Jenny Roberts has never made any secret of the fact that she is a trans woman. She underwent gender reassignment in 1996 and identified as lesbian shortly after.  An avid reader, she found great difficulty in sourcing the lesbian and feminist books that interested her and which she felt were vital to her understanding of women’s culture. At that time there were a number of /political/community bookshops that served the feminist and lesbian market but only one shop specifically serving the feminist/lesbian community (Silver Moon in London).

Running a bookshop appealed to Jenny and she saw it as a chance to get involved in, and give something back to, the lesbian community that had accepted her so readily - rather than as a money-making project (which it never was).  Libertas!

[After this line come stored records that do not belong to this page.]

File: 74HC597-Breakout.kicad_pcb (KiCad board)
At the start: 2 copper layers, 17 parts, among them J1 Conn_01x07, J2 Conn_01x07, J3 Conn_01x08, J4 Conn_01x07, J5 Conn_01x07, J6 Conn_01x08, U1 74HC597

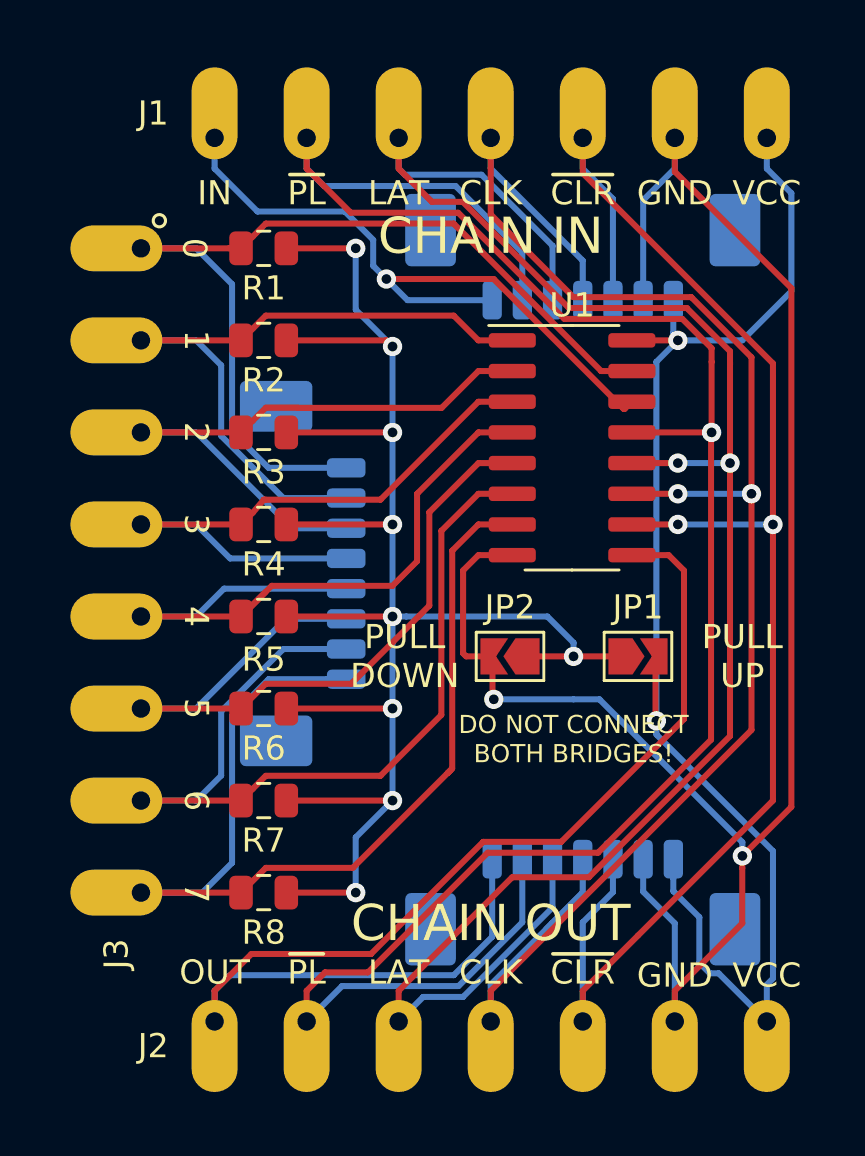
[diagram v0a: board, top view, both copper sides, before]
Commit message: Local symbols into project lib, also plots
Plotted gerbers and schematic
Moved symbol into a local library
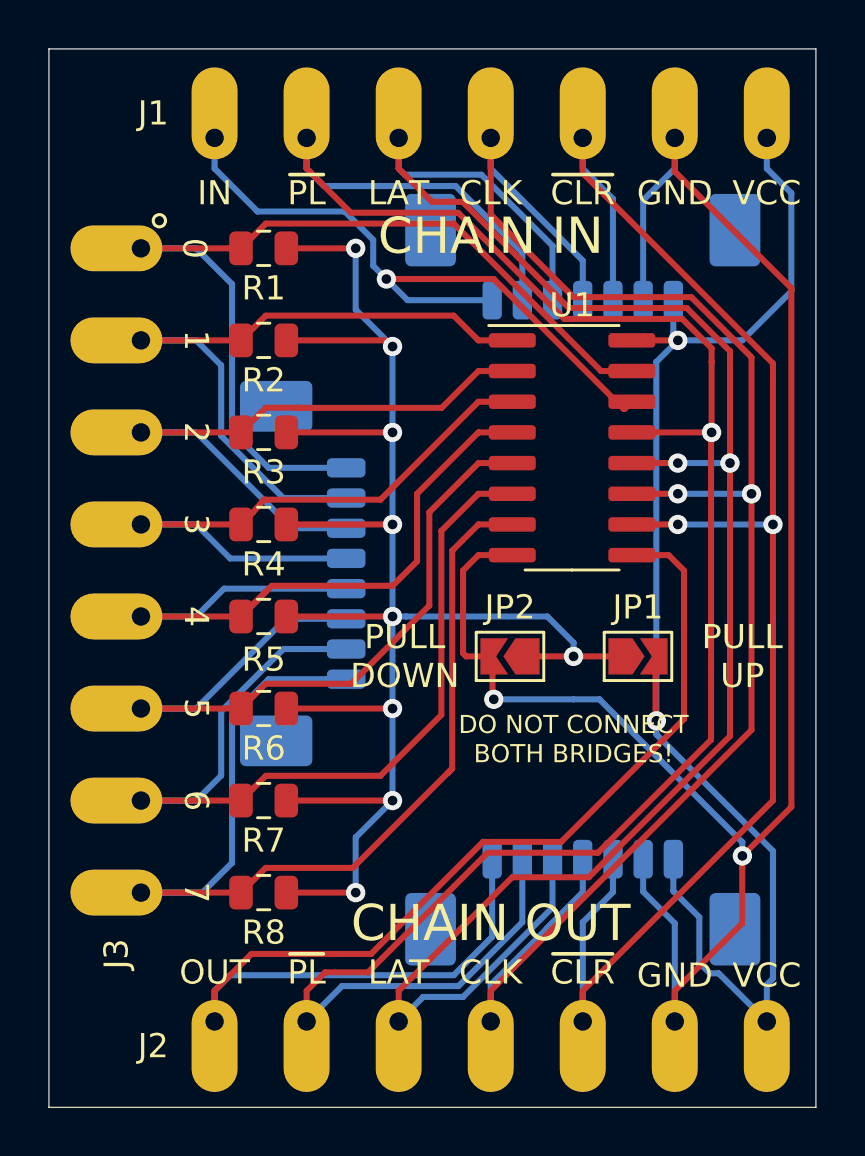
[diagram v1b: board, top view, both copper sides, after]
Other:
- board outline added: 31.7 x 43.8 mm
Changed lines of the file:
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@@
   (general
     (thickness 1.6)
-    (drawings 39)
+    (drawings 43)
     (tracks 307)
     (zones 0)
@@
     (visible_elements FFFFFF7F)
     (pcbplotparams
-      (layerselection 0x010fc_ffffffff)
+      (layerselection 0x010f0_ffffffff)
       (usegerberextensions false)
       (usegerberattributes false)
@@
       (outputformat 1)
       (mirror false)
-      (drillshape 1)
+      (drillshape 0)
       (scaleselection 1)
-      (outputdirectory ""))
+      (outputdirectory "gerbers/"))
   )
   (net 0 "")
@@
     )
   )
+  (gr_line (start 157.48 137.16) (end 157.48 93.345) (layer Edge.Cuts) (width 0.05))
+  (gr_line (start 125.73 137.16) (end 157.48 137.16) (layer Edge.Cuts) (width 0.05))
+  (gr_line (start 125.73 93.345) (end 125.73 137.16) (layer Edge.Cuts) (width 0.05))
+  (gr_line (start 157.48 93.345) (end 125.73 93.345) (layer Edge.Cuts) (width 0.05))
   (gr_text ~PL (at 136.398 99.314) (layer F.SilkS)
     (effects (font (size 1 1) (thickness 0.15)))
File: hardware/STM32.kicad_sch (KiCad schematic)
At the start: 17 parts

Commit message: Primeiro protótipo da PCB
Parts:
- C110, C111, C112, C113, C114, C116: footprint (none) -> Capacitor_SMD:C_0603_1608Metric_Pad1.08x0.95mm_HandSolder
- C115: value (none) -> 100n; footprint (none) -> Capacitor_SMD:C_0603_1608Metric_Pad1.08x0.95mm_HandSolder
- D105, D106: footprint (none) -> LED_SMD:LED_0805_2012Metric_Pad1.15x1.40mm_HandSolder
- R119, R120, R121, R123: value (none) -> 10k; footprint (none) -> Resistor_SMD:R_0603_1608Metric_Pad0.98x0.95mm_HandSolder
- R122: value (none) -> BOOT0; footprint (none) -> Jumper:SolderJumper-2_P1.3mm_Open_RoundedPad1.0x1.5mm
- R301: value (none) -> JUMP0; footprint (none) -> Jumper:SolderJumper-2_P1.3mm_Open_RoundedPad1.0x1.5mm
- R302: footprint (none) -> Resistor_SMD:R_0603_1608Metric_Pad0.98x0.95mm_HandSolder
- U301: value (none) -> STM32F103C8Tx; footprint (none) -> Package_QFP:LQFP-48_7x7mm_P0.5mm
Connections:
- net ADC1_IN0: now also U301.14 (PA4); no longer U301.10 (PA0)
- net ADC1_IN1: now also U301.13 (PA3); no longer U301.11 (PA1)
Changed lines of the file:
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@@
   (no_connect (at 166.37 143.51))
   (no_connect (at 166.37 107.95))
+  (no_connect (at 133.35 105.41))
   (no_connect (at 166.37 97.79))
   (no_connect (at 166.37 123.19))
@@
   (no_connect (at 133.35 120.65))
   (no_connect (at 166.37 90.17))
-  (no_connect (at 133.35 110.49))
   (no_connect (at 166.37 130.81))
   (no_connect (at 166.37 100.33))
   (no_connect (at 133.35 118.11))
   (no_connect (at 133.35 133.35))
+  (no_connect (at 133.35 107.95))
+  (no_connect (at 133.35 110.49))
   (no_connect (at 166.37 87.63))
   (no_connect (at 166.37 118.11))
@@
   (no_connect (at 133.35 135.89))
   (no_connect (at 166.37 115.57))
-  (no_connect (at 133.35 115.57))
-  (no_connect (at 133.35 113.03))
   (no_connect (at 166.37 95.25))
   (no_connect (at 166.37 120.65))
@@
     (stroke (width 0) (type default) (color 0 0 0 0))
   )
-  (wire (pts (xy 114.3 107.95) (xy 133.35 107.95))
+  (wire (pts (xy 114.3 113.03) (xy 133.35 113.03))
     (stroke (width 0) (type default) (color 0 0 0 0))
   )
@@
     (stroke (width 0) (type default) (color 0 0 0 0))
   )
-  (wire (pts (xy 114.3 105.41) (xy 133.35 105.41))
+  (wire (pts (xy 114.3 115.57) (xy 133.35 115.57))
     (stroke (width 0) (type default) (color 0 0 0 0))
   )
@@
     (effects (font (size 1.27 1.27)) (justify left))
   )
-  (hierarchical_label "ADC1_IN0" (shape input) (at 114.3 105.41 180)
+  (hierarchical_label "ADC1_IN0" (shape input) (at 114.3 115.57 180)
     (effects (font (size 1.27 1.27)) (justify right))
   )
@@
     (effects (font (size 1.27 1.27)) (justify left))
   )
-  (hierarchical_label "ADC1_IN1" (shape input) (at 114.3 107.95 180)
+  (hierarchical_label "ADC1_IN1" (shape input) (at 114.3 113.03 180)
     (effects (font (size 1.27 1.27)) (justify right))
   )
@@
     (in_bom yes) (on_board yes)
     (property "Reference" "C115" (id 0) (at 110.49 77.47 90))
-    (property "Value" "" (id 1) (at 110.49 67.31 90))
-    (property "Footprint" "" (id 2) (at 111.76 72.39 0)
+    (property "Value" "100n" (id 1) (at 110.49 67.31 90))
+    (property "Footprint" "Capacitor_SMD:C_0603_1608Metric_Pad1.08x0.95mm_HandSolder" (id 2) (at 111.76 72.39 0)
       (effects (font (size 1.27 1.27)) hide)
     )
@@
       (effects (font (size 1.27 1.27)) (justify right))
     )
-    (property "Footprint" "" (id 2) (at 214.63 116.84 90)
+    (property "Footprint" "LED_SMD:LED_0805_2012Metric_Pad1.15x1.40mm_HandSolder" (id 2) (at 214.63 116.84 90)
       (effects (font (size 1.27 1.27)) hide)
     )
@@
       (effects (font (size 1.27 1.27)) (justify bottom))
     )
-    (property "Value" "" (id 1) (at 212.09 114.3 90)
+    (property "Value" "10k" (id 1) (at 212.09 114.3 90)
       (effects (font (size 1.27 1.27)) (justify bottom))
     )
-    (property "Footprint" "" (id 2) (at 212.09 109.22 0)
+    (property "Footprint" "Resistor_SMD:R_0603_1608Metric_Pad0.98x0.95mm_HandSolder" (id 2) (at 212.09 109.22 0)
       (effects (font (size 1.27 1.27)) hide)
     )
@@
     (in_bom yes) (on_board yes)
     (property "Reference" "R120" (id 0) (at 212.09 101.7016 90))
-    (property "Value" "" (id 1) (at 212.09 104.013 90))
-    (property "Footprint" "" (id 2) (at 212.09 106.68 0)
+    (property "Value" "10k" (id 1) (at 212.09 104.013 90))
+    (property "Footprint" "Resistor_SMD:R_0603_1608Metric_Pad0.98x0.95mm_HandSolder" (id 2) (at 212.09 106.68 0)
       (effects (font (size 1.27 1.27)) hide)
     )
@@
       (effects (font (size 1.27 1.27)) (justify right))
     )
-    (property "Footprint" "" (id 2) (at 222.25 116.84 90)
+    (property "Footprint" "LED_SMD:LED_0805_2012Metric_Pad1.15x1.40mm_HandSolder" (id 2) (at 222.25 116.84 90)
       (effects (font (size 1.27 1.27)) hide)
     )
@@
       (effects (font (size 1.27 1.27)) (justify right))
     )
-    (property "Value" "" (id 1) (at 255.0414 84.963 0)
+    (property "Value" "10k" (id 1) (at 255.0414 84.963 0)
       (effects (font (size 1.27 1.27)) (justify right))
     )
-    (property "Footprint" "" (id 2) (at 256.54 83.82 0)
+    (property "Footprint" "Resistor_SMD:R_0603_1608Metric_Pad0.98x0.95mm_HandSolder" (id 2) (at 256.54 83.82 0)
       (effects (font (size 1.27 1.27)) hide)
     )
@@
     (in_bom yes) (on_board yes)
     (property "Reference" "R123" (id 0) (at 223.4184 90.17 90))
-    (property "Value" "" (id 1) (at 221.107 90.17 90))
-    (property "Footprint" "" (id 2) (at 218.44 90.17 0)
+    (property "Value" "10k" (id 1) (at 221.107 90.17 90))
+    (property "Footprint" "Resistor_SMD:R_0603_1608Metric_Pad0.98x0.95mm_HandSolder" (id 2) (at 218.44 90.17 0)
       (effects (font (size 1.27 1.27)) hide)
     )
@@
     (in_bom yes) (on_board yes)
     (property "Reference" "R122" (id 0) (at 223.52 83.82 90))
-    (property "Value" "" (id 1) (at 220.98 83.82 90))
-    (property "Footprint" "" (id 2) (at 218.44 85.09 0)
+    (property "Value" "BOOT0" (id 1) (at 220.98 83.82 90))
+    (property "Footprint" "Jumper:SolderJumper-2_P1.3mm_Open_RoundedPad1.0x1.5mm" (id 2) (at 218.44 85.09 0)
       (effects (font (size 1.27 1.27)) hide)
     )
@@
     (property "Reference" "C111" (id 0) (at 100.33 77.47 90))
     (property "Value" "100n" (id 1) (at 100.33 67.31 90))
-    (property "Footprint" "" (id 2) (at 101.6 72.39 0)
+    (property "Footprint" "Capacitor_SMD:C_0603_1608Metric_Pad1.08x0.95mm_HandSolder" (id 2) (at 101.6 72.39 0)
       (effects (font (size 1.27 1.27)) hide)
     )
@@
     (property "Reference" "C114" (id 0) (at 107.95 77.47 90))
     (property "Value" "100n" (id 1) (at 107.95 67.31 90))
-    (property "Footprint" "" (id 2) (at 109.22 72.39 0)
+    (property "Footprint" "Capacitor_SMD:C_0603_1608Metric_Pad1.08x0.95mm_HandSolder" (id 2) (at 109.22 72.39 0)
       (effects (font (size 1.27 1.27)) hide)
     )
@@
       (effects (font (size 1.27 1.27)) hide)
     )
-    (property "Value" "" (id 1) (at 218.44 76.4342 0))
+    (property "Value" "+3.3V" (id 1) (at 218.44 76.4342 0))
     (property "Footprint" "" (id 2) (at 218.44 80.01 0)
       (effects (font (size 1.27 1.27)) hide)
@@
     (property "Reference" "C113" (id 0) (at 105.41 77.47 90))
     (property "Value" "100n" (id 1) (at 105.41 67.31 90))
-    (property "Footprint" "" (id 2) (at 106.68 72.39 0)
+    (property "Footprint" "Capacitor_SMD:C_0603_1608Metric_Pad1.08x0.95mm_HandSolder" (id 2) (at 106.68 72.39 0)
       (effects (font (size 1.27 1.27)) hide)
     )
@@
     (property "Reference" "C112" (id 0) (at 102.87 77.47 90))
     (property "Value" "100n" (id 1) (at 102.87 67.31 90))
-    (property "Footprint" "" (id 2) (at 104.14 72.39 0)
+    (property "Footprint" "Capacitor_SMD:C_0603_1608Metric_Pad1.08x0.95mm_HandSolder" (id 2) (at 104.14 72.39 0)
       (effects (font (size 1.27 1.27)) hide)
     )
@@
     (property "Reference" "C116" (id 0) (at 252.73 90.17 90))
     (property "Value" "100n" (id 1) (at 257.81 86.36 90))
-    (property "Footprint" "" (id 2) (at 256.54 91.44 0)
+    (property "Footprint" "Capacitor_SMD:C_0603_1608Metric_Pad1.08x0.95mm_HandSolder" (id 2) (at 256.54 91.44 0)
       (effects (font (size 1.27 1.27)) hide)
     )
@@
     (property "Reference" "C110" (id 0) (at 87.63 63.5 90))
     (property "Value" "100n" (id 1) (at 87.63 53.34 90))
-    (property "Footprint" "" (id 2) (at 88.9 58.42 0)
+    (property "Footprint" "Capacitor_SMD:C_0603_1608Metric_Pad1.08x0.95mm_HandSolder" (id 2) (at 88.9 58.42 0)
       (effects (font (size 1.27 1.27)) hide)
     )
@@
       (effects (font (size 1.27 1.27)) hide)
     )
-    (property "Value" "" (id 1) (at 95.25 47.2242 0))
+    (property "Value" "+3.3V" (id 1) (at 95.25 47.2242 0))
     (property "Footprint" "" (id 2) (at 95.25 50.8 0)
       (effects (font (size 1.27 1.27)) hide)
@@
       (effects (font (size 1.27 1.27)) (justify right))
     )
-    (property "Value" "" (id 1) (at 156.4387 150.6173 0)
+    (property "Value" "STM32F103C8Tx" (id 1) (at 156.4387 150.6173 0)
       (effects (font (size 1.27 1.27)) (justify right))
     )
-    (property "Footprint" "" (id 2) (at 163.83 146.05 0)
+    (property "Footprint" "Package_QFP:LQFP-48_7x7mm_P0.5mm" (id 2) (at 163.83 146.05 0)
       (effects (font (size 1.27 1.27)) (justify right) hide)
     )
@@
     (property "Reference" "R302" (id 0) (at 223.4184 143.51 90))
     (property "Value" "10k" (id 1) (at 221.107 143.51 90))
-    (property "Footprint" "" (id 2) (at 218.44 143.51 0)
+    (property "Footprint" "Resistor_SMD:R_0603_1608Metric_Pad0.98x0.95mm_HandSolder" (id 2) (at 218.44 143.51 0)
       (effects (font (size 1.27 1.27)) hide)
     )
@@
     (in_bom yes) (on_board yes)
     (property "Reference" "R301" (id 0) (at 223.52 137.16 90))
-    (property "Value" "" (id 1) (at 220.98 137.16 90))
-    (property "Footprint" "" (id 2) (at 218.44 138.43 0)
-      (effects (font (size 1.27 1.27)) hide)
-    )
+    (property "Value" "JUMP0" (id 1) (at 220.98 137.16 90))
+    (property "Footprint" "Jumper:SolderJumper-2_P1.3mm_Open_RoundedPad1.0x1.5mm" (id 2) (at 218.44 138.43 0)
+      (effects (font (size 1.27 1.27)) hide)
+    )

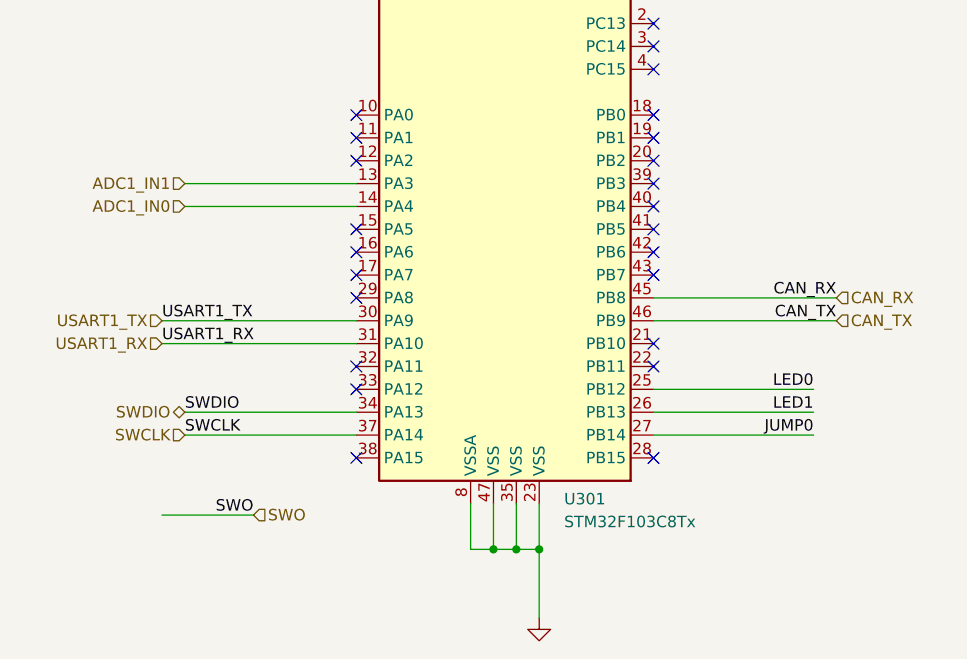
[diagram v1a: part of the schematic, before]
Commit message: hardware: STM32, PCB design in progress
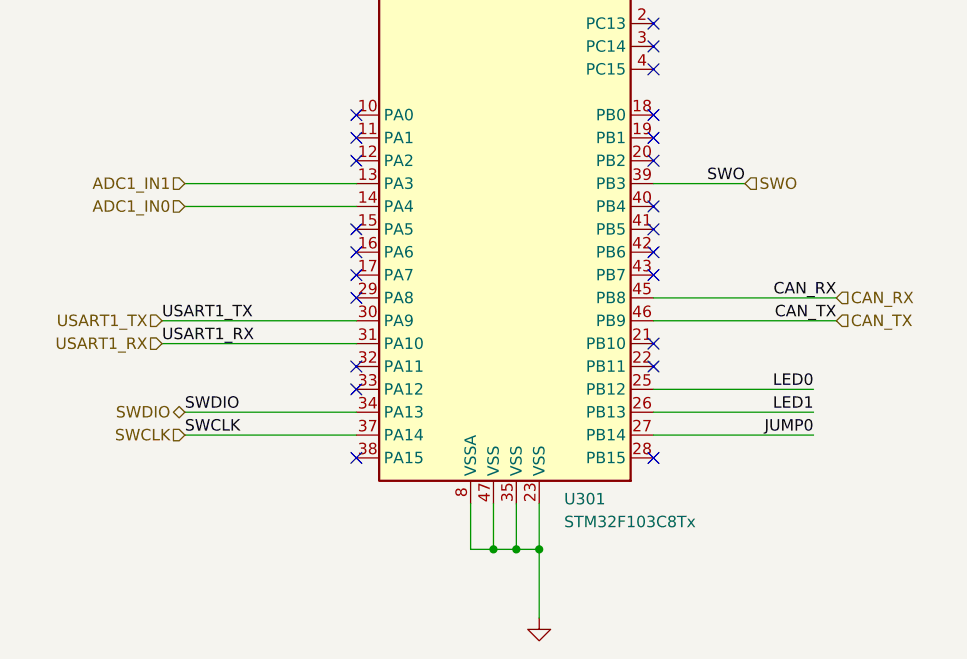
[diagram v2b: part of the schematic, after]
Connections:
- net SWO: now also U301.39 (PB3)
- no-connect marks 26 -> 25
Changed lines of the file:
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@@
   (no_connect (at 166.37 123.19))
   (no_connect (at 133.35 123.19))
-  (no_connect (at 133.35 120.65))
   (no_connect (at 166.37 90.17))
   (no_connect (at 166.37 130.81))
@@
   (no_connect (at 166.37 133.35))
   (no_connect (at 133.35 135.89))
+  (no_connect (at 133.35 120.65))
   (no_connect (at 166.37 115.57))
   (no_connect (at 166.37 95.25))
@@
   (no_connect (at 166.37 110.49))
   (no_connect (at 166.37 105.41))
-  (no_connect (at 166.37 113.03))
   (wire (pts (xy 203.2 140.97) (xy 218.44 140.97))
     (stroke (width 0) (type default) (color 0 0 0 0))
@@
     (stroke (width 0) (type default) (color 0 0 0 0))
   )
-  (wire (pts (xy 121.92 149.86) (xy 111.76 149.86))
+  (wire (pts (xy 176.53 113.03) (xy 166.37 113.03))
     (stroke (width 0) (type default) (color 0 0 0 0))
   )
@@
     (effects (font (size 1.27 1.27)) (justify left bottom))
   )
-  (label "SWO" (at 121.92 149.86 180)
+  (label "SWO" (at 176.53 113.03 180)
     (effects (font (size 1.27 1.27)) (justify right bottom))
   )
@@
     (effects (font (size 1.27 1.27)) (justify left bottom))
   )
-  (hierarchical_label "SWO" (shape input) (at 121.92 149.86 0)
+  (hierarchical_label "SWO" (shape input) (at 176.53 113.03 0)
     (effects (font (size 1.27 1.27)) (justify left))
   )

Opened its doors at 40 Gillygate, York in November 1998 with an opening ceremony by crime author Val McDermid and a massive party (an early taster for the York Lesbian Festival) in the vast Georgian magnificence of the City’s Assembly Rooms. About one hundred women were queuing outside the shop before opening and the interest was so great that numbers entering the new shop had to be regulated by staff at the entrance. The name Libertas! was suggested by one of Jenny’s friends. Libertas is the goddess of freedom and liber is the latin for both ‘book’ and ‘free’. It seemed a good name for a project serving a community which  still had so many causes to strive for.

Books were stocked on a wide variety of subjects from Women’s Studies and  feminist publications through to women’s fiction, lesbian fiction and even lesbian erotica. Local interest was however limited to the lesbian market and most straight women in the city avoided the shop because, as one of them admitted, ‘I’m concerned that people will think that I am a lesbian.’

As a consequence the stock changed to mostly lesbian and feminist publications and Libertas! became almost exclusively a lesbian bookshop attracting customers from all over the UK and known locally as ‘that lesbian shop’. Ann Croft joined Jenny in late 1999 and they ran the shop together, launching and expanding Dykelife (the monthly lesbian literary catalogue) and the online website www.libertas.co.uk.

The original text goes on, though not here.